Rescuing Astronauts and Televising a Moon Landing
How NASA’s Deep Space Network keeps contact with distant spacecraft
After reading about how the Deep Space Network (DSN) will be used to communicate with the James Webb Space Telescope at the second Sun-Earth Lagrange point following its launch planned for 2021, I wanted to learn more about this worldwide network of facilities and how its three locations were chosen. The DSN consists of antennas at the Goldstone Communications Complex near Barstow, California, the Madrid Deep Space Communications Complex in Spain, and the Canberra Deep Space Communication Complex near the Australian capital. The three locations are spaced roughly 120° apart in longitude around the globe, which allows constant observation of spacecraft. As the Earth rotates and an object is about to dip below the horizon at one site, the signal can be picked up by the next antenna.
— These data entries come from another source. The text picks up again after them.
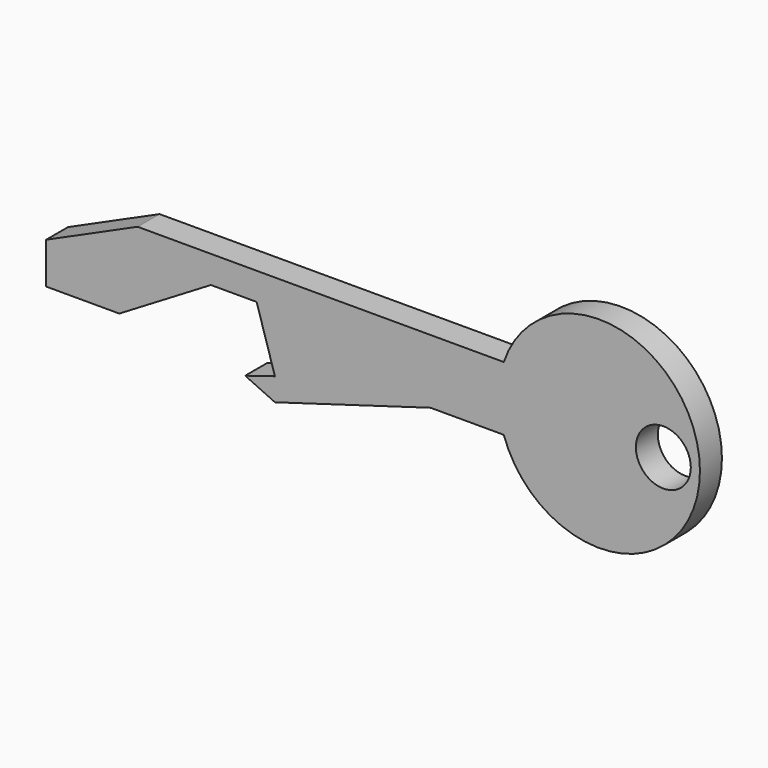
from build123d import *

# Parameters (mm, degrees)
F0_R     = 3
F1_DEPTH = 3


# Not quite as in the source:
# - a feature names something its author has since deleted; it is built from what else it names


with BuildPart() as f1:
    # F0 (on Front) → F1 (new body)
    with BuildSketch(Plane.XZ):
        Polygon((-2, -2), (1.3333333333, 0), (0, 0), (0, 7), (-10, 2.5), (-10, -2), align=None)
        Polygon((14.2307692308, 0), (32, 0), (40, 0), (40, 7), (0, 7), (0, 0), (1.3333333333, 0), (8, 4), (13, 4), align=None)
        Polygon((15, -5), (32, 0), (14.2307692308, 0), (15, -2.5), (11.75, -3.5), align=None)
        with BuildLine():
            Line((40, 7), (40, 0))
            ThreePointArc((40, 0), (61.4283268073, 3.5), (40, 7))
        make_face()
        with Locations((57.4283268073, 3.5)):
            Circle(F0_R, mode=Mode.SUBTRACT)
    extrude(amount=F1_DEPTH)


solid = f1.part
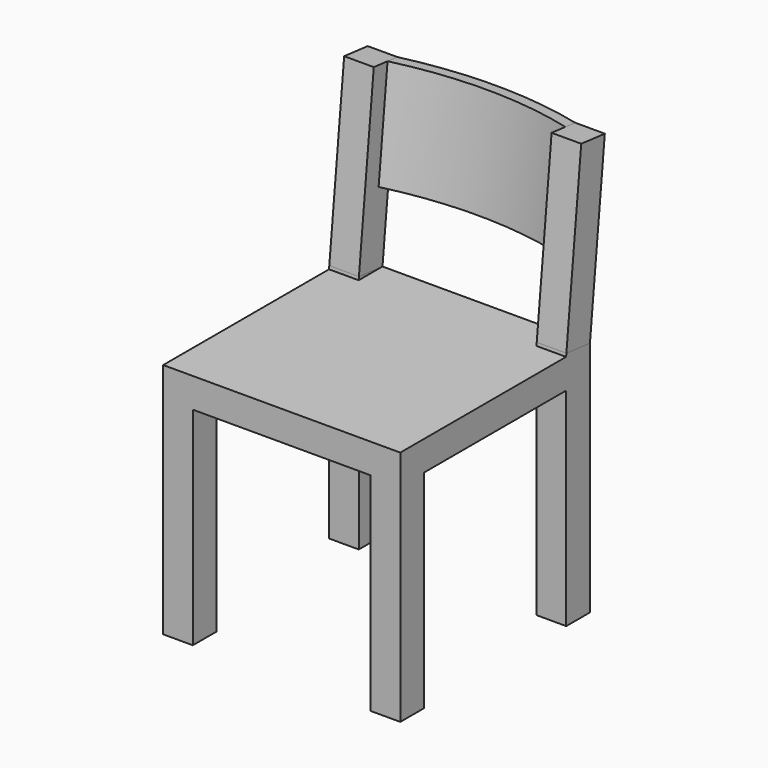
from build123d import *

# Parameters (mm, degrees)
F0_W      = 10160
F0_H      = 10160
F1_DEPTH  = 10160
F2_W      = 7620
F2_H      = 8890
F3_DEPTH  = 12979.4
F4_W      = 7620
F4_H      = 8890
F5_DEPTH  = 15138.4
F10_W     = 10160
F10_H     = 7620
F11_DEPTH = 1270
F12_W     = 7620
F12_H     = 7620
F13_DEPTH = 5130.8
F15_W     = 1270
F15_H     = 1270
F16_DEPTH = 170.18
F14_W     = 1270
F14_H     = 1270
F17_DEPTH = 208.28
F19_DEPTH = 4572


with BuildPart() as f1:
    # F0 (on Top) → F1 (new body)
    with BuildSketch(Plane.XY):
        Rectangle(F0_W, F0_H)
    extrude(amount=F1_DEPTH)

    # F2 (on face) → F3 (cut)
    with BuildSketch(Plane.XZ.offset(5080)):
        with Locations((0, 4445)):
            Rectangle(F2_W, F2_H)
    extrude(amount=-F3_DEPTH, mode=Mode.SUBTRACT)

    # F4 (on face) → F5 (cut)
    with BuildSketch(Plane(origin=(-5080, 0, 0), x_dir=(0, -1, 0), z_dir=(-1, 0, 0))):
        with Locations((0, 4445)):
            Rectangle(F4_W, F4_H)
    extrude(amount=-F5_DEPTH, mode=Mode.SUBTRACT)

    # F15 (on face) → F16 (join)
    with BuildSketch(Plane(origin=(0, 1111.6964834904, 10577.0855064048), x_dir=(1, 0, 0), z_dir=(0, -0.1045284633, -0.9945218954))):
        with Locations((4445, -3355.1620416715)):
            Rectangle(F15_W, F15_H)
    extrude(amount=F16_DEPTH)

    # F14 (on face) → F17 (join)
    with BuildSketch(Plane(origin=(0, 1111.6964834904, 10577.0855064048), x_dir=(1, 0, 0), z_dir=(0, -0.1045284633, -0.9945218954))):
        with Locations((-4445, -3355.1620416715)):
            Rectangle(F14_W, F14_H)
    extrude(amount=F17_DEPTH)


with BuildPart() as f11:
    # F10 (on face) → F11 (new body)
    with BuildSketch(Plane(origin=(0, 3968.3035165096, -417.0855064048), x_dir=(-1, 0, 0), z_dir=(0, 0.9945218954, -0.1045284633))):
        with Locations((0, 14445.3470503413)):
            Rectangle(F10_W, F10_H)
    extrude(amount=-F11_DEPTH)

    # F12 (on face) → F13 (cut)
    with BuildSketch(Plane(origin=(0, 2705.2607093919, -284.3343580549), x_dir=(1, 0, 0), z_dir=(0, -0.9945218954, 0.1045284633))):
        with Locations((0, 14445.3470503413)):
            Rectangle(F12_W, F12_H)
    extrude(amount=-F13_DEPTH, mode=Mode.SUBTRACT)


with BuildPart() as f19:
    # F18 (on face) → F19 (new body)
    with BuildSketch(Plane(origin=(0, 1908.2033735899, 18155.3423491111), x_dir=(1, 0, 0), z_dir=(0, 0.1045284633, 0.9945218954))):
        with BuildLine():
            Line((3810, 3460.9414873997), (3810, 3990.1620416715))
            ThreePointArc((3810, 3990.1620416715), (0, 4524.6190016034), (-3810, 3990.1620416715))
            Line((-3810, 3990.1620416715), (-3810, 3460.9414873997))
            ThreePointArc((-3810, 3460.9414873997), (0, 4016.6190016034), (3810, 3460.9414873997))
        make_face()
    extrude(amount=-F19_DEPTH)


solid = Compound([f1.part, f11.part, f19.part])

Unlike objects in low Earth orbit (which are also supported by the DSN), spacecraft in Deep Space are visible from a large portion of the Earth’s surface for long periods of time. Objects that are over 30,000 km above the surface are always visible from one of the DSN tracking stations, however their signals are often so faint that highly sensitive receivers and powerful transmitters are required to communicate with them. The DSN makes it possible to acquire data from spacecraft, track their position and velocity, and transmit commands and software modifications.
In 1957, in the midst of the Cold War, the world’s first artificial satellite, Sputnik 1, was launched by the Soviet Union. This was followed by a period known as the “Sputnik crisis”, in which the public in Western nations feared that the USSR had surpassed the rest of the world in advancements in space technology. NASA was yet to be formed and the Jet Propulsion Laboratory (JPL) was under the control of the U.S. Army. JPL manufactured the first successful U.S. Satellite, Explorer 1, and established radio tracking stations in California, Singapore and Nigeria to follow its progress. When NASA took control of the JPL soon after, an economical decision was made to create a single communications network that could be used for all deep space missions. Since JPL is located near Los Angeles, it makes sense that the Mojave Desert was selected as the first location.
The DSN has been designed to receive extremely faint signals from distant spacecraft, so Goldstone was carefully chosen to be isolated from radio and television transmitters, as well as power lines, which can make it difficult to uncover the weak spacecraft signals. In fact, each of the three stations is situated in a bowl-shaped, semi-mountainous region, in order to shield the receivers from radio interference.
It was the DSN that showed us the first footage of Neil Armstrong walking on the moon in 1969, and it also played a critical role in bringing the Apollo 13 astronauts safely back to Earth, following the rupture of an oxygen tank. Normal operation uses smaller, more economical antennas, but in this case the spacecraft needed to use the majority of its limited power for re-entry, rather than communications. It was still necessary for engineers on the Earth to maintain contact with the astronauts, which meant that the largest antennas in the DSN were essential for saving the lives of the crew. This emergency service has also been made available to other space agencies in the spirit of international cooperation.
As well as its primary purpose of spacecraft communication, the DSN is also used to make direct scientific observations. The dishes observe radio sources, such as pulsars and quasars, and also provide information about the properties of other planets due to changes in the radio link between orbiting or nearby spacecraft and the DSN. The DSN also uses radar astronomy, where waves bounce off astronomical objects like asteroids, producing radar images. The DSN even teaches us about changes in the Earth’s crust, as radio signals from astronomical sources take a different amount of time to reach each station.
The Deep Space Network is a world leader in space communications and research, and a significant example of international scientific cooperation. Public tours are available at all three stations, so if you find yourself near Barstow, Madrid or California, you can see for yourself how each location has been chosen to allow distant spacecraft to phone home.